Rabbitt cautioned it may be five to 10 years before the development of cochlear implants that run optically. To be practical, they need a smaller power supply and light source, and must be more power efficient to run on small batteries like a hearing aid.

Optical Prosthetics for Movement, Balance and Vision Disorders

Electrical deep-brain stimulation now is used to treat movement disorders such as Parkinson's disease and "essential tremor, which causes rhythmic movement of the limbs so it becomes difficult to walk, function and eat," says Rabbitt.

He is investigating whether optical rather than electrical deep-brain stimulation might increase how long the treatment is effective.

Rabbitt also sees potential for optical implants to treat balance disorders.

"When we get old, we shuffle and walk carefully, not because our muscles don't work but because we have trouble with balance," he says. "This technology has potential for restoring balance by restoring the signals that the healthy ear sends to the brain about how your body is moving in space."

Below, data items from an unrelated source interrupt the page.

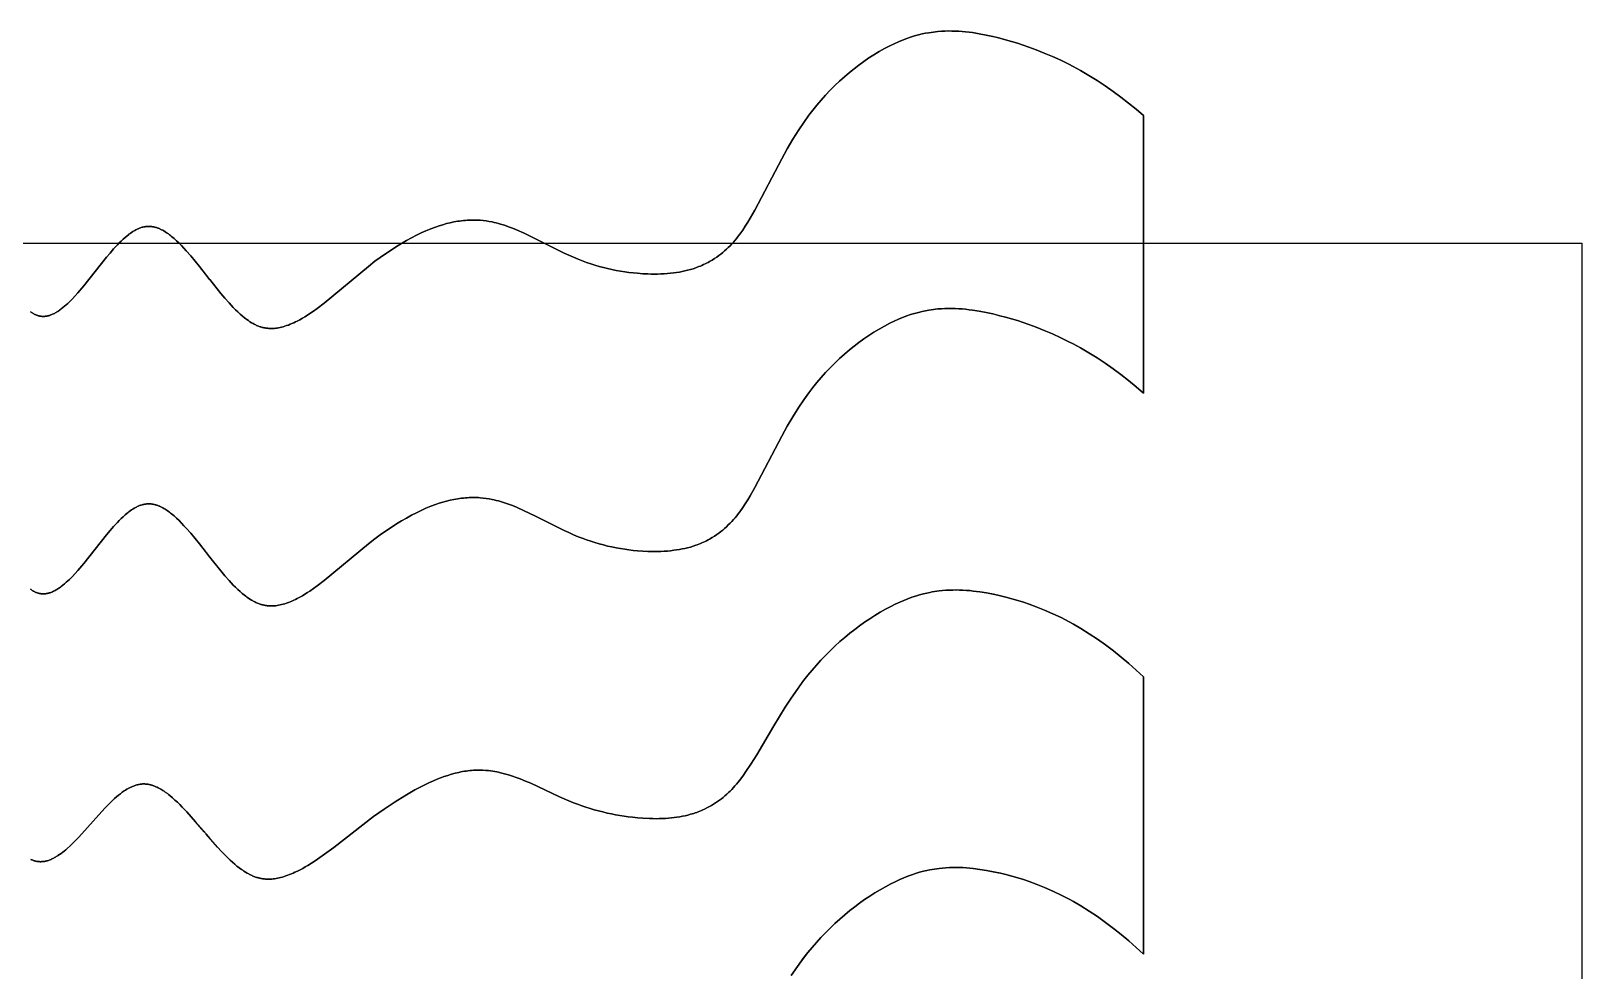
# Model space of a CAD drawing. Header units: feet. Extents: x 0 to 1.5, y 93.18 to 96.08.
# Drawn here: x 1.125 to 1.5, y 95.8239 to 96.0513 of the extents above; entities that cross this region are included whole.
import ezdxf

# ---------------------------------------------------------------- set-up
doc = ezdxf.new("R2010")
doc.units = ezdxf.units.FT
doc.header["$MEASUREMENT"] = 0
doc.layers.add('Default', color=7, linetype='Continuous', true_color=0x000000)

msp = doc.modelspace()

# ---------------------------------------------------------------- linework, layer by layer
at = {"layer": 'Default'}
for points in [[(1.12487, 95.98337), (1.125, 95.98327), (1.12514, 95.98318), (1.12527, 95.9831), (1.12541, 95.98301), (1.12554, 95.98293), (1.12565, 95.98287), (1.12578, 95.9828), (1.12591, 95.98274), (1.12604, 95.98268), (1.12618, 95.98262), (1.12631, 95.98256), (1.12645, 95.98251), (1.12659, 95.98246), (1.12673, 95.98242), (1.12683, 95.98239), (1.12694, 95.98237), (1.12704, 95.98234), (1.12715, 95.98232), (1.12726, 95.9823), (1.12737, 95.98229), (1.12747, 95.98227), (1.12758, 95.98226), (1.12769, 95.98225), (1.1278, 95.98225), (1.12791, 95.98225), (1.12802, 95.98225), (1.12812, 95.98225), (1.12823, 95.98226), (1.12834, 95.98226), (1.12845, 95.98227), (1.12856, 95.98229), (1.12867, 95.9823), (1.12878, 95.98232), (1.12888, 95.98234), (1.12899, 95.98236), (1.1291, 95.98238), (1.1292, 95.98241), (1.12931, 95.98244), (1.12941, 95.98247), (1.12952, 95.9825), (1.12962, 95.98253), (1.12982, 95.98261), (1.13003, 95.98268), (1.13023, 95.98277), (1.13044, 95.98287), (1.13065, 95.98297), (1.13086, 95.98308), (1.13107, 95.9832), (1.13128, 95.98333), (1.13149, 95.98346), (1.1317, 95.9836), (1.13191, 95.98374), (1.13211, 95.98389), (1.13232, 95.98404), (1.13273, 95.98436), (1.13313, 95.98469), (1.13352, 95.98504), (1.13391, 95.98539), (1.13428, 95.98575), (1.13501, 95.98648), (1.13568, 95.98721), (1.13631, 95.98791), (1.13776, 95.98962), (1.14326, 95.99654), (1.1441, 95.99755), (1.14498, 95.99856), (1.14588, 95.99954), (1.14634, 96.00001), (1.14681, 96.00047), (1.14728, 96.00091), (1.14775, 96.00133), (1.14822, 96.00173), (1.14845, 96.00192), (1.14869, 96.0021), (1.14899, 96.00233), (1.1493, 96.00254), (1.14962, 96.00275), (1.14995, 96.00295), (1.15013, 96.00305), (1.15031, 96.00315), (1.1505, 96.00325), (1.15069, 96.00334), (1.15088, 96.00343), (1.15107, 96.00351), (1.15126, 96.00359), (1.15146, 96.00366), (1.15166, 96.00373), (1.15186, 96.00379), (1.15206, 96.00385), (1.15226, 96.00389), (1.15247, 96.00393), (1.15257, 96.00395), (1.15268, 96.00397), (1.15278, 96.00398), (1.15289, 96.00399), (1.15299, 96.00401), (1.15317, 96.00402), (1.15332, 96.00402), (1.15348, 96.00403), (1.15363, 96.00402), (1.15379, 96.00402), (1.15394, 96.00401), (1.15409, 96.00399), (1.15425, 96.00397), (1.1544, 96.00395), (1.15456, 96.00392), (1.15472, 96.00389), (1.15488, 96.00385), (1.15504, 96.00381), (1.1552, 96.00376), (1.15535, 96.00372), (1.15551, 96.00366), (1.15566, 96.00361), (1.15581, 96.00355), (1.15596, 96.00349), (1.15611, 96.00343), (1.15626, 96.00336), (1.15655, 96.00322), (1.15684, 96.00307), (1.15712, 96.00291), (1.1574, 96.00274), (1.15768, 96.00257), (1.15795, 96.00238), (1.15822, 96.0022), (1.15848, 96.002), (1.15874, 96.00181), (1.15899, 96.0016), (1.1593, 96.00135), (1.1596, 96.00109), (1.16021, 96.00053), (1.16082, 95.99996), (1.16141, 95.99936), (1.16198, 95.99875), (1.16254, 95.99813), (1.16361, 95.9969), (1.1657, 95.99435), (1.16819, 95.99119), (1.16821, 95.99116), (1.16911, 95.99002), (1.17089, 95.9878), (1.17186, 95.98664), (1.17287, 95.9855), (1.17391, 95.98438), (1.17445, 95.98384), (1.17498, 95.98332), (1.17553, 95.98282), (1.17607, 95.98235), (1.17662, 95.9819), (1.1769, 95.98169), (1.17717, 95.98148), (1.17755, 95.98122), (1.17793, 95.98096), (1.17832, 95.98072), (1.17852, 95.9806), (1.17872, 95.98049), (1.17893, 95.98038), (1.17913, 95.98028), (1.17934, 95.98018), (1.17955, 95.98008), (1.17976, 95.97999), (1.17998, 95.97991), (1.18019, 95.97983), (1.18041, 95.97975), (1.18058, 95.9797), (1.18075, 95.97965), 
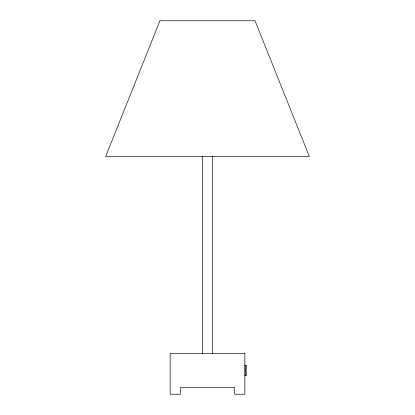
<?xml version="1.0" encoding="UTF-8"?>
<svg xmlns="http://www.w3.org/2000/svg" width="415" height="415" viewBox="0 0 415 415"><rect width="100%" height="100%" fill="white"/><g stroke="black" fill="none" stroke-linecap="round" stroke-linejoin="round"><path stroke-width="0.62" d="M244.85 365.387L245.187 365.387L245.187 375.575L244.85 375.575M245.187 365.729L246.754 365.729A16.979 16.979 0 0 0 246.754 375.238L245.187 375.238M212.594 156.242L212.594 353.502M202.406 156.242L202.406 353.502M159.962 20.75L105.638 156.569L309.362 156.569L255.038 20.75L159.962 20.75M244.85 353.502L170.15 353.502L170.15 394.25L180.338 394.25L180.338 387.46L234.662 387.46L234.662 394.25L244.85 394.25L244.85 353.502"/></g></svg>
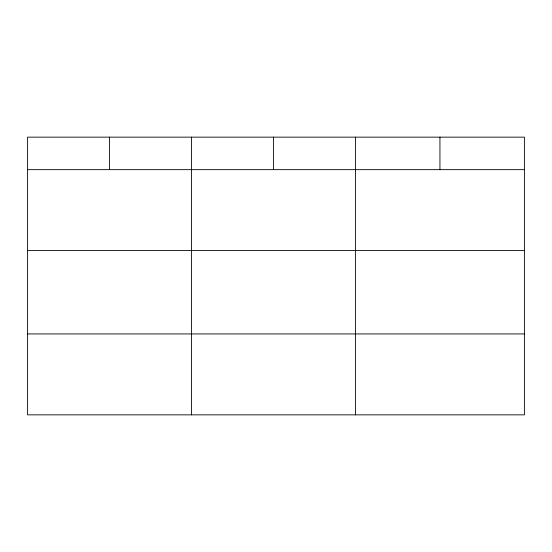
<?xml version="1.0" encoding="UTF-8"?>
<svg xmlns="http://www.w3.org/2000/svg" width="552" height="552" viewBox="0 0 552 552"><rect width="100%" height="100%" fill="white"/><g stroke="black" fill="none" stroke-linecap="round" stroke-linejoin="round"><path stroke-width="0.83" d="M524.4 250.567L524.4 137.151L27.6 137.151L27.6 414.849L524.4 414.849L524.4 250.567L27.6 250.567M27.6 169.65L524.4 169.65M27.6 333.932L524.4 333.932M439.944 137.151L439.944 169.65M355.488 137.151L355.488 414.849M273.516 137.151L273.516 169.65M191.544 137.151L191.544 414.849M109.572 137.151L109.572 169.65"/></g></svg>

Optical stimulation also might provide artificial vision in people with retinitis pigmentosa or other loss of retinal cells – the eye cells that detect light and color – but who still have the next level of cells, known as ganglia, Rabbitt says.

"You would wear glasses with a camera [mounted on the frames] and there would be electronics that would convert signals from the camera into pulses of infrared radiation that would be patterned onto the diseased retina that normally does not respond to light but would respond to the pulsed infrared radiation" to create images, he says.

Hearing and vision implants that use optical rather than electrical signals do not have to penetrate the brain or other nerve tissue because infrared light can penetrate "quite a bit of tissue," so devices emitting the light "have potential for excellent biocompatibility," Rabbitt says. "You will be able to implant optical devices and leave them there for life."